「老師,你真的跟林老師的女兒同居嗎?」他的事在校園裡傳得滿城風雨,知道是那些女老師傳出來的話,他不介意,也一點都不在乎。
「對。」
學生一陣嘩然,有個學生再問,「那她是你的女朋友嗎?」
他溫柔點頭。
「老師,她又不漂亮,你為什麼喜歡她?」有個女學生不服了,老師這麼帥又這麼迷人,怎麼會選上那個曾經被退婚的女人呢?幾個女同學曾經一起去老師租的住處偷看過,暗戀老師的她們想看看是誰擄走老師的心,才知道那女的一點都不美、不漂亮,瘦瘦高高,而且還很凶,沒有打扮的她只穿著隨性的休閒服在家附近喂野狗。
「她是我的青梅竹馬,我們小時候就認識了。
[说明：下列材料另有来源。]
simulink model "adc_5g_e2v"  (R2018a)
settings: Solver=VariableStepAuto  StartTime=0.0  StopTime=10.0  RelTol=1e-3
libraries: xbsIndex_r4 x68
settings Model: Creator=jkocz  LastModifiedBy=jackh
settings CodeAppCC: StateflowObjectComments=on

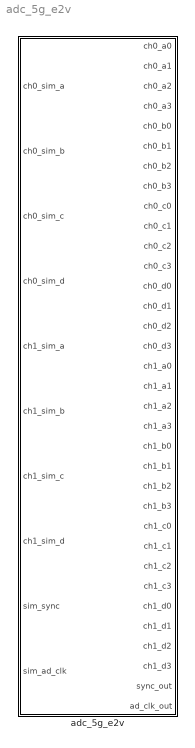
== system adc_5g_e2v ==
  adc_5g_e2v : Subsystem  Tag=xps:adc_5g_e2v  mask(E2V_5g_adc){adc_mode=4-Channel, output_mode=normal mode, chips_num=2, adc_loc=FMC1, f_sample=1000}
      mask prompts: adc_mode "ADC Work mode"; output_mode "ADC Output mode"; chips_num "Number of ADC chips"; adc_loc "ADC board location"; f_sample "ADC Clock Rate(Mhz)"
      mask init:
      | adc_5g_e2v_init(gcb,...
      |     'adc_mode', adc_mode,...
      |     'chips_num',chips_num,...
      |     'adc_loc',adc_loc,...
      |     'f_sample',f_sample);
      mask TypeOptions adc_mode: 1-Channel | 2-Channel | 4-Channel
      mask TypeOptions output_mode: normal mode | test mode
      mask TypeOptions chips_num: 1 | 2
      mask TypeOptions adc_loc: FMC1 | FMC2

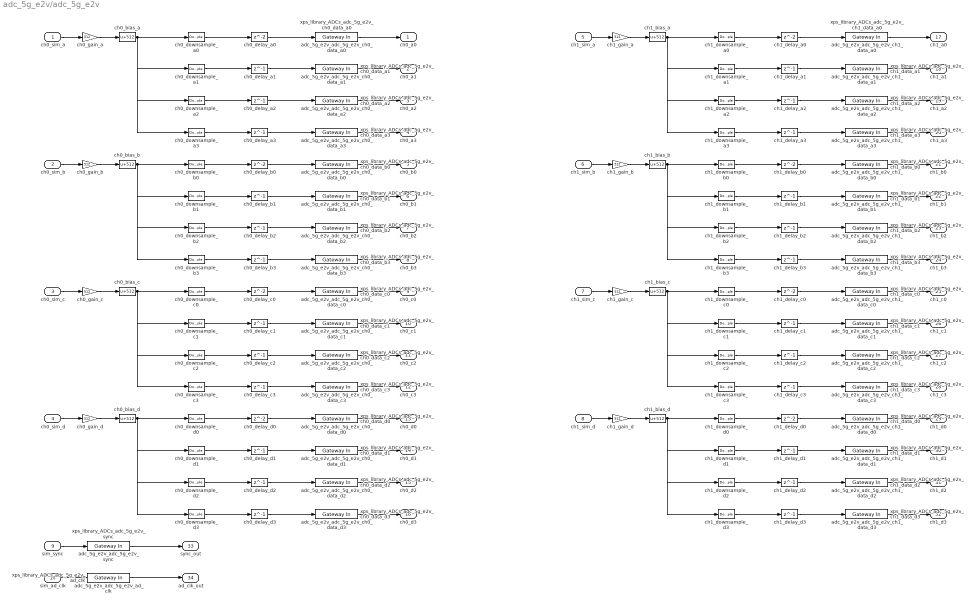
== system adc_5g_e2v/adc_5g_e2v ==
  ch0_sim_a : Inport
  ch0_sim_b : Inport  Port=2
  ch0_sim_c : Inport  Port=3
  ch0_sim_d : Inport  Port=4
  ch1_sim_a : Inport  Port=5
  ch1_sim_b : Inport  Port=6
  ch1_sim_c : Inport  Port=7
  ch1_sim_d : Inport  Port=8
  sim_sync : Inport  Port=9
  sim_ad_clk : Inport  Port=10
  adc_5g_e2v_adc_5g_e2v_ad_clk : xbsIndex_r4/Gateway In  gui_display_data_type=Fixed-point  arith_type=Boolean  n_bits=16  bin_pt=14  preci_type=Single  exp_width=8  frac_width=24  rows=1  columns=1  quantization="Round  (unbiased: +/- Inf)"  overflow=Saturate  period=1  UseAsADC=off  ADCChannel='1'  interface=None  automatic_assignment=on  address_offset=hex2dec('00')  intf_name=''  intf_description=''  default_value=0  timing_constraint=None  locs_specified=off  LOCs={}  io_standard={}  inherit_from_input=off  hdl_port=on  dbl_ovrd=off  block_type=gatewayin
  adc_5g_e2v_adc_5g_e2v_ch0_data_a{0..3} (4 alike) : xbsIndex_r4/Gateway In  gui_display_data_type=Fixed-point  arith_type=Unsigned  n_bits=10  bin_pt=0  preci_type=Single  exp_width=8  frac_width=24  rows=1  columns=1  quantization=Truncate  overflow=Wrap  period=1  UseAsADC=off  ADCChannel='1'  interface=None  automatic_assignment=on  address_offset=hex2dec('00')  intf_name=''  intf_description=''  default_value=0  timing_constraint=None  locs_specified=off  LOCs={}  io_standard={}  inherit_from_input=off  hdl_port=on  dbl_ovrd=off  block_type=gatewayin
  adc_5g_e2v_adc_5g_e2v_ch0_data_b{0..3} (4 alike) : xbsIndex_r4/Gateway In  gui_display_data_type=Fixed-point  arith_type=Unsigned  n_bits=10  bin_pt=0  preci_type=Single  exp_width=8  frac_width=24  rows=1  columns=1  quantization=Truncate  overflow=Wrap  period=1  UseAsADC=off  ADCChannel='1'  interface=None  automatic_assignment=on  address_offset=hex2dec('00')  intf_name=''  intf_description=''  default_value=0  timing_constraint=None  locs_specified=off  LOCs={}  io_standard={}  inherit_from_input=off  hdl_port=on  dbl_ovrd=off  block_type=gatewayin
  adc_5g_e2v_adc_5g_e2v_ch0_data_c{0..3} (4 alike) : xbsIndex_r4/Gateway In  gui_display_data_type=Fixed-point  arith_type=Unsigned  n_bits=10  bin_pt=0  preci_type=Single  exp_width=8  frac_width=24  rows=1  columns=1  quantization=Truncate  overflow=Wrap  period=1  UseAsADC=off  ADCChannel='1'  interface=None  automatic_assignment=on  address_offset=hex2dec('00')  intf_name=''  intf_description=''  default_value=0  timing_constraint=None  locs_specified=off  LOCs={}  io_standard={}  inherit_from_input=off  hdl_port=on  dbl_ovrd=off  block_type=gatewayin
  adc_5g_e2v_adc_5g_e2v_ch0_data_d{0..3} (4 alike) : xbsIndex_r4/Gateway In  gui_display_data_type=Fixed-point  arith_type=Unsigned  n_bits=10  bin_pt=0  preci_type=Single  exp_width=8  frac_width=24  rows=1  columns=1  quantization=Truncate  overflow=Wrap  period=1  UseAsADC=off  ADCChannel='1'  interface=None  automatic_assignment=on  address_offset=hex2dec('00')  intf_name=''  intf_description=''  default_value=0  timing_constraint=None  locs_specified=off  LOCs={}  io_standard={}  inherit_from_input=off  hdl_port=on  dbl_ovrd=off  block_type=gatewayin
  adc_5g_e2v_adc_5g_e2v_ch1_data_a{0..3} (4 alike) : xbsIndex_r4/Gateway In  gui_display_data_type=Fixed-point  arith_type=Unsigned  n_bits=10  bin_pt=0  preci_type=Single  exp_width=8  frac_width=24  rows=1  columns=1  quantization=Truncate  overflow=Wrap  period=1  UseAsADC=off  ADCChannel='1'  interface=None  automatic_assignment=on  address_offset=hex2dec('00')  intf_name=''  intf_description=''  default_value=0  timing_constraint=None  locs_specified=off  LOCs={}  io_standard={}  inherit_from_input=off  hdl_port=on  dbl_ovrd=off  block_type=gatewayin
  adc_5g_e2v_adc_5g_e2v_ch1_data_b{0..3} (4 alike) : xbsIndex_r4/Gateway In  gui_display_data_type=Fixed-point  arith_type=Unsigned  n_bits=10  bin_pt=0  preci_type=Single  exp_width=8  frac_width=24  rows=1  columns=1  quantization=Truncate  overflow=Wrap  period=1  UseAsADC=off  ADCChannel='1'  interface=None  automatic_assignment=on  address_offset=hex2dec('00')  intf_name=''  intf_description=''  default_value=0  timing_constraint=None  locs_specified=off  LOCs={}  io_standard={}  inherit_from_input=off  hdl_port=on  dbl_ovrd=off  block_type=gatewayin
  adc_5g_e2v_adc_5g_e2v_ch1_data_c{0..3} (4 alike) : xbsIndex_r4/Gateway In  gui_display_data_type=Fixed-point  arith_type=Unsigned  n_bits=10  bin_pt=0  preci_type=Single  exp_width=8  frac_width=24  rows=1  columns=1  quantization=Truncate  overflow=Wrap  period=1  UseAsADC=off  ADCChannel='1'  interface=None  automatic_assignment=on  address_offset=hex2dec('00')  intf_name=''  intf_description=''  default_value=0  timing_constraint=None  locs_specified=off  LOCs={}  io_standard={}  inherit_from_input=off  hdl_port=on  dbl_ovrd=off  block_type=gatewayin
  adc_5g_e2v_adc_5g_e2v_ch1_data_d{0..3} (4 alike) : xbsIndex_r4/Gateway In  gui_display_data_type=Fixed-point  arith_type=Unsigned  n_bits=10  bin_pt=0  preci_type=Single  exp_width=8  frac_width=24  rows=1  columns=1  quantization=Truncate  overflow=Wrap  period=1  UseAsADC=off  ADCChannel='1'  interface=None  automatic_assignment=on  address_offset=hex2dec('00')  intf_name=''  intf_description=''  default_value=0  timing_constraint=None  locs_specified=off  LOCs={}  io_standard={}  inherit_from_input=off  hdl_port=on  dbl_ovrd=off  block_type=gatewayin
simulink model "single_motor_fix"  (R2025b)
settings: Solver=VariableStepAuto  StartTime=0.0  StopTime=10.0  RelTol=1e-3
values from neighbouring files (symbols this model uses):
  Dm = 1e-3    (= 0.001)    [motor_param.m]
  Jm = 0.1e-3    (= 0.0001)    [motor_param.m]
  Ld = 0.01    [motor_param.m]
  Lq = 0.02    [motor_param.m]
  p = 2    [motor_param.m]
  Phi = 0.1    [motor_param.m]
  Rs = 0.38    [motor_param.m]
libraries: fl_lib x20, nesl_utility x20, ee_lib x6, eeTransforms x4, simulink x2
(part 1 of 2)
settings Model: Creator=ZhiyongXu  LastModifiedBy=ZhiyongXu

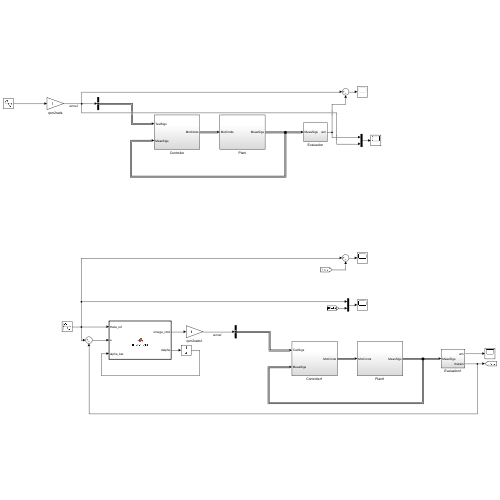
[thumbnail: Simulink's stored preview of the top-level diagram]
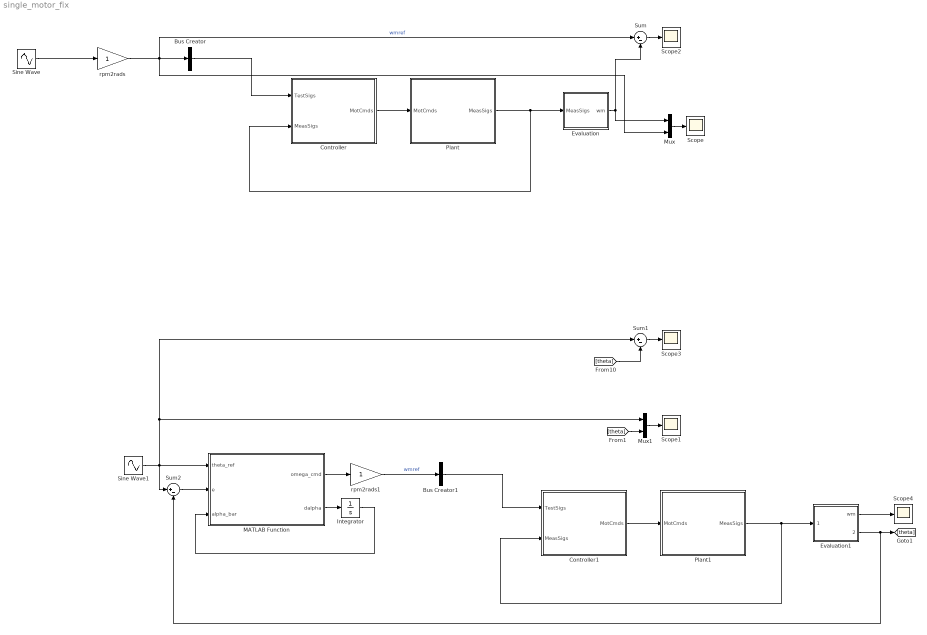
== system single_motor_fix ==
  Bus Creator : BusCreator  Inputs=1
  Bus Creator1 : BusCreator  Inputs=1
  Controller : Subsystem
  Controller1 : Subsystem
  Evaluation : Subsystem
  Evaluation1 : Subsystem
  Integrator : Integrator
  MATLAB Function : MATLAB Function  TreatAsAtomicUnit=on
  Mux : Mux  Inputs=2
  Mux1 : Mux  Inputs=2
  Plant : Subsystem
  Plant1 : Subsystem
  Scope{,1..4} (5 alike) : Scope
      Scope settings: ActiveDisplayYMinimum=-13.02025826891459  ActiveDisplayYMaximum=15.222741821849503
      Scope1 settings: ActiveDisplayYMinimum=-12.501085147532748  ActiveDisplayYMaximum=12.501085862817705  DataLoggingVariableName=ScopeData4
      Scope2 settings: ActiveDisplayYMinimum=-13.020433528439366  ActiveDisplayYMaximum=12.247347842337303  DataLoggingVariableName=ScopeData3
      Scope3 settings: ActiveDisplayYMinimum=-0.029985345068735  ActiveDisplayYMaximum=0.055166420482078135  DataLoggingVariableName=ScopeData5
      Scope4 settings: DataLoggingVariableName=ScopeData6
  Sine Wave : Sin  Amplitude=10  SampleTime=0
  Sine Wave1 : Sin  Amplitude=10  SampleTime=0
  Sum : Sum  Inputs=|+-
  Sum1 : Sum  Inputs=|+-
  Sum2 : Sum  Inputs=|+-
  rpm2rads : Gain
  rpm2rads1 : Gain
  wires:
  Controller/1(MotCmds) -> Plant/1(MotCmds)
  Sine Wave/1 -> rpm2rads/1
  Bus Creator/1 -> Controller/1(TestSigs)
  Plant/1(MeasSigs) -> Evaluation/1(MeasSigs), Controller/2(MeasSigs)
  rpm2rads/1 -> Sum/1, Mux/2, Bus Creator/1  "wmref"
  Mux/1 -> Scope/1
  Evaluation/1(wm) -> Mux/1, Sum/2
  Sum/1 -> Scope2/1
  MATLAB Function/2(dalpha) -> Integrator/1
  rpm2rads1/1 -> Bus Creator1/1  "wmref"
  Evaluation1/2(thetam) -> [theta], Sum2/2
  Evaluation1/1(wm) -> Scope4/1
  Mux1/1 -> Scope1/1
  [theta] -> Sum1/2
  Integrator/1 -> MATLAB Function/3(alpha_bar)
  MATLAB Function/1(omega_cmd) -> rpm2rads1/1
  Sum1/1 -> Scope3/1
  [theta] -> Mux1/2
  Sine Wave1/1 -> Mux1/1, Sum1/1, Sum2/1, MATLAB Function/1(theta_ref)
  Sum2/1 -> MATLAB Function/2(e)
  Bus Creator1/1 -> Controller1/1(TestSigs)
  Plant1/1(MeasSigs) -> Evaluation1/1(MeasSigs), Controller1/2(MeasSigs)
  Controller1/1(MotCmds) -> Plant1/1(MotCmds)

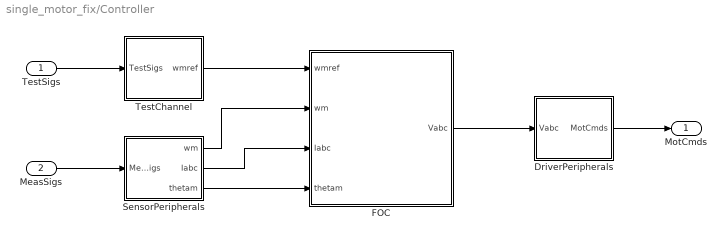
== system single_motor_fix/Controller ==
  TestSigs : Inport
  MeasSigs : Inport  Port=2
  DriverPeripherals : Subsystem
  FOC : Subsystem
  SensorPeripherals : Subsystem
  TestChannel : Subsystem
  MotCmds : Outport  VectorParamsAs1DForOutWhenUnconnected=off
  wires:
  FOC/1(Vabc) -> DriverPeripherals/1(Vabc)
  DriverPeripherals/1(MotCmds) -> MotCmds/1
  TestSigs/1 -> TestChannel/1(TestSigs)
  TestChannel/1(wmref) -> FOC/1(wmref)
  MeasSigs/1 -> SensorPeripherals/1(MeasSigs)
  SensorPeripherals/1(wm) -> FOC/2(wm)
  SensorPeripherals/2(Iabc) -> FOC/3(Iabc)
  SensorPeripherals/3(thetam) -> FOC/4(thetam)

== system single_motor_fix/Controller1 ==
  TestSigs : Inport
  MeasSigs : Inport  Port=2
  DriverPeripherals : Subsystem
  FOC : Subsystem
  SensorPeripherals : Subsystem
  TestChannel : Subsystem
  MotCmds : Outport  VectorParamsAs1DForOutWhenUnconnected=off
  wires:
  FOC/1(Vabc) -> DriverPeripherals/1(Vabc)
  DriverPeripherals/1(MotCmds) -> MotCmds/1
  TestSigs/1 -> TestChannel/1(TestSigs)
  TestChannel/1(wmref) -> FOC/1(wmref)
  MeasSigs/1 -> SensorPeripherals/1(MeasSigs)
  SensorPeripherals/1(wm) -> FOC/2(wm)
  SensorPeripherals/2(Iabc) -> FOC/3(Iabc)
  SensorPeripherals/3(thetam) -> FOC/4(thetam)

== system single_motor_fix/Evaluation ==
  MeasSigs : Inport
  Bus Selector1 : BusSelector  OutputSignals=wm,thetam
  Scope : Scope
      settings: ActiveDisplayYMinimum=-5.5392513465230095  ActiveDisplayYMaximum=26.372538555765981  DataLoggingVariableName=ScopeData2
  wm : Outport
  wires:
  MeasSigs/1 -> Bus Selector1/1
  Bus Selector1/2 -> Scope/1  "<thetam>"
  Bus Selector1/1 -> wm/1  "<wm>"

== system single_motor_fix/Evaluation1 ==
  MeasSigs : Inport
  Bus Selector1 : BusSelector  OutputSignals=wm,thetam
  wm : Outport
  thetam : Outport  Port=2
  wires:
  MeasSigs/1 -> Bus Selector1/1
  Bus Selector1/1 -> wm/1  "<wm>"
  Bus Selector1/2 -> thetam/1  "<thetam>"

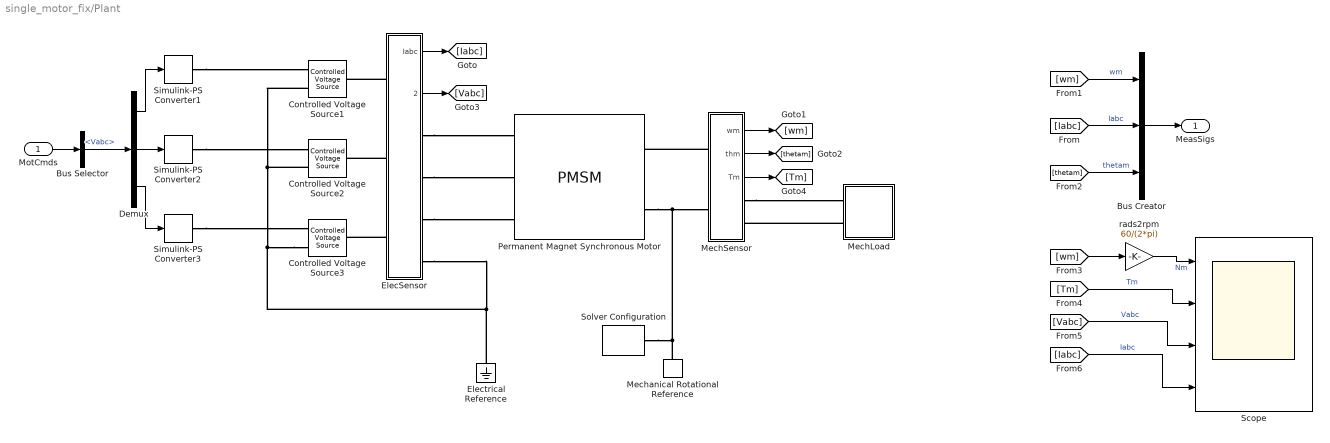
== system single_motor_fix/Plant ==
  MotCmds : Inport
  Bus Creator : BusCreator  Inputs=3
  Bus Selector : BusSelector  OutputSignals=Vabc
  Controlled Voltage Source1 : fl_lib/Electrical/Electrical Sources/Controlled Voltage Source
  Controlled Voltage Source2 : fl_lib/Electrical/Electrical Sources/Controlled Voltage Source
  Controlled Voltage Source3 : fl_lib/Electrical/Electrical Sources/Controlled Voltage Source
  Demux : Demux  Outputs=3
  ElecSensor : Subsystem
  Electrical Reference : fl_lib/Electrical/Electrical Elements/Electrical Reference
  MechLoad : Subsystem
  MechSensor : Subsystem
  Mechanical Rotational Reference : fl_lib/Mechanical/Rotational Elements/Mechanical Rotational Reference
  Permanent Magnet Synchronous Motor : ee_lib/Electromechanical/Permanent Magnet/PMSM  port_option=ee.enum.threePhasePort.expanded  winding_type=ee.enum.statorconnection.wye  machine_param=ee.enum.pmsm.parameterization.constant  nPolePairs=p  pmflux_param=1  pm_flux_linkage=Phi Wb  torque_constant=0.18 N*m/A  back_emf_constant=0.18 V/(rad/s)  stator_param=1  Ld=Ld H  Lq=Lq H  idVec=[-200, 0, 200] A  iqVec=[-200, 0, 200] A  LdMatrix=0.0002 * ones(3, 3) H  LqMatrix=0.0002 * ones(3, 3) H  PmMatrix=0.1 * ones(3, 3) Wb  ktMatrix=0.18 * ones(3, 3) N*m/A  keMatrix=0.18 * ones(3, 3) V/(rad/s)  L0=0 H  Ls=0.0002 H  Lm=-0.00002 H  Ms=0.00002 H  Rs=Rs Ohm  zero_sequence=ee.enum.park.zerosequence.exclude  axes_param=2  loss_param=ee.enum.ironloss.none  losses_oc=[0, 0, 0] W  losses_sc=[0, 0, 0] W  f_losses=60 Hz  Isc_losses=95 A  J=0 kg*m^2  lam=0 N*m/(rad/s)  i_d_specify=off  i_d_priority=None  i_d=0 A  i_d_nominal_specify=off  i_d_nominal_value=1  i_d_nominal_unit=A  i_q_specify=off  i_q_priority=None  i_q=0 A  i_q_nominal_specify=off  i_q_nominal_value=1  i_q_nominal_unit=A  torque_specify=off  torque_priority=None  torque=0 N*m  torque_nominal_specify=off  torque_nominal_value=1  torque_nominal_unit=N*m  angular_velocity_specify=on  angular_velocity_priority=High  angular_velocity=100 rpm  angular_velocity_nominal_specify=off  angular_velocity_nominal_value=1  angular_velocity_nominal_unit=rpm  angular_position_specify=off  angular_position_priority=High  angular_position=-2 rad  angular_position_nominal_specify=on  angular_position_nominal_value=100  angular_position_nominal_unit=deg  alpha=3.93e-3 1/K  alpha_flux=-0.001 1/K  Tmeas=298.15 K  stator_thermal_mass=100 J/K  rotor_thermal_mass=200 J/K  Rm_percent_rotor=90  Rd_percent_rotor=30  temperatureA_specify=off  temperatureA_priority=High  temperatureA=25 degC  temperatureA_nominal_specify=off  temperatureA_nominal_value=1  temperatureA_nominal_unit=degC  temperatureB_specify=off  temperatureB_priority=High  temperatureB=25 degC  temperatureB_nominal_specify=off  temperatureB_nominal_value=1  temperatureB_nominal_unit=degC  temperatureC_specify=off  temperatureC_priority=High  temperatureC=25 degC  temperatureC_nominal_specify=off  temperatureC_nominal_value=1  temperatureC_nominal_unit=degC  temperatureR_specify=off  temperatureR_priority=High  temperatureR=25 degC  temperatureR_nominal_specify=off  temperatureR_nominal_value=1  temperatureR_nominal_unit=degC
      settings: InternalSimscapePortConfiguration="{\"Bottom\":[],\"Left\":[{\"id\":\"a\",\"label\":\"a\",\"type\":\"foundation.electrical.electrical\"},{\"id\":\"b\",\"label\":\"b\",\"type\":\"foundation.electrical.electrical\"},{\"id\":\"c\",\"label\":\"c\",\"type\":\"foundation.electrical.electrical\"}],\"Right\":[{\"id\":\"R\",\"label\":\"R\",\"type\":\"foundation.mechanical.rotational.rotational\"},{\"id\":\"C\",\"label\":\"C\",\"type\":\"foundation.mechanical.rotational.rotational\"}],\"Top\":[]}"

」
「真的?」
「老師,那你要跟她結婚嗎?」
「只要她願意。」
他的話讓班上燃起一股騷動,唐少柏只是一笑置之,他知道,除非他能確定自己的身體狀況,否則他不會拿舒兒的後半輩子開玩笑。
那晚,當他一個人躺在房裡看書時,本是該在工作的舒兒走進他房間,穿著睡衣的她手裡抱著枕頭。
「累了嗎?」
她點頭,緩緩的走向他,「我想陪你睡覺。」將枕頭放在他床上,舒兒不待唐少柏回答,柔軟的身子避開他受傷的左手縮進他懷裡,寒冷的冬天抱著他的感覺好好。
「你不工作了嗎?」
「明天再工作。」
唐少柏將書放在床邊雙層櫃上,右手將她摟得更緊些,淡淡的沁香是他熟悉的味道,忍不住的他低頭在她唇上細啄。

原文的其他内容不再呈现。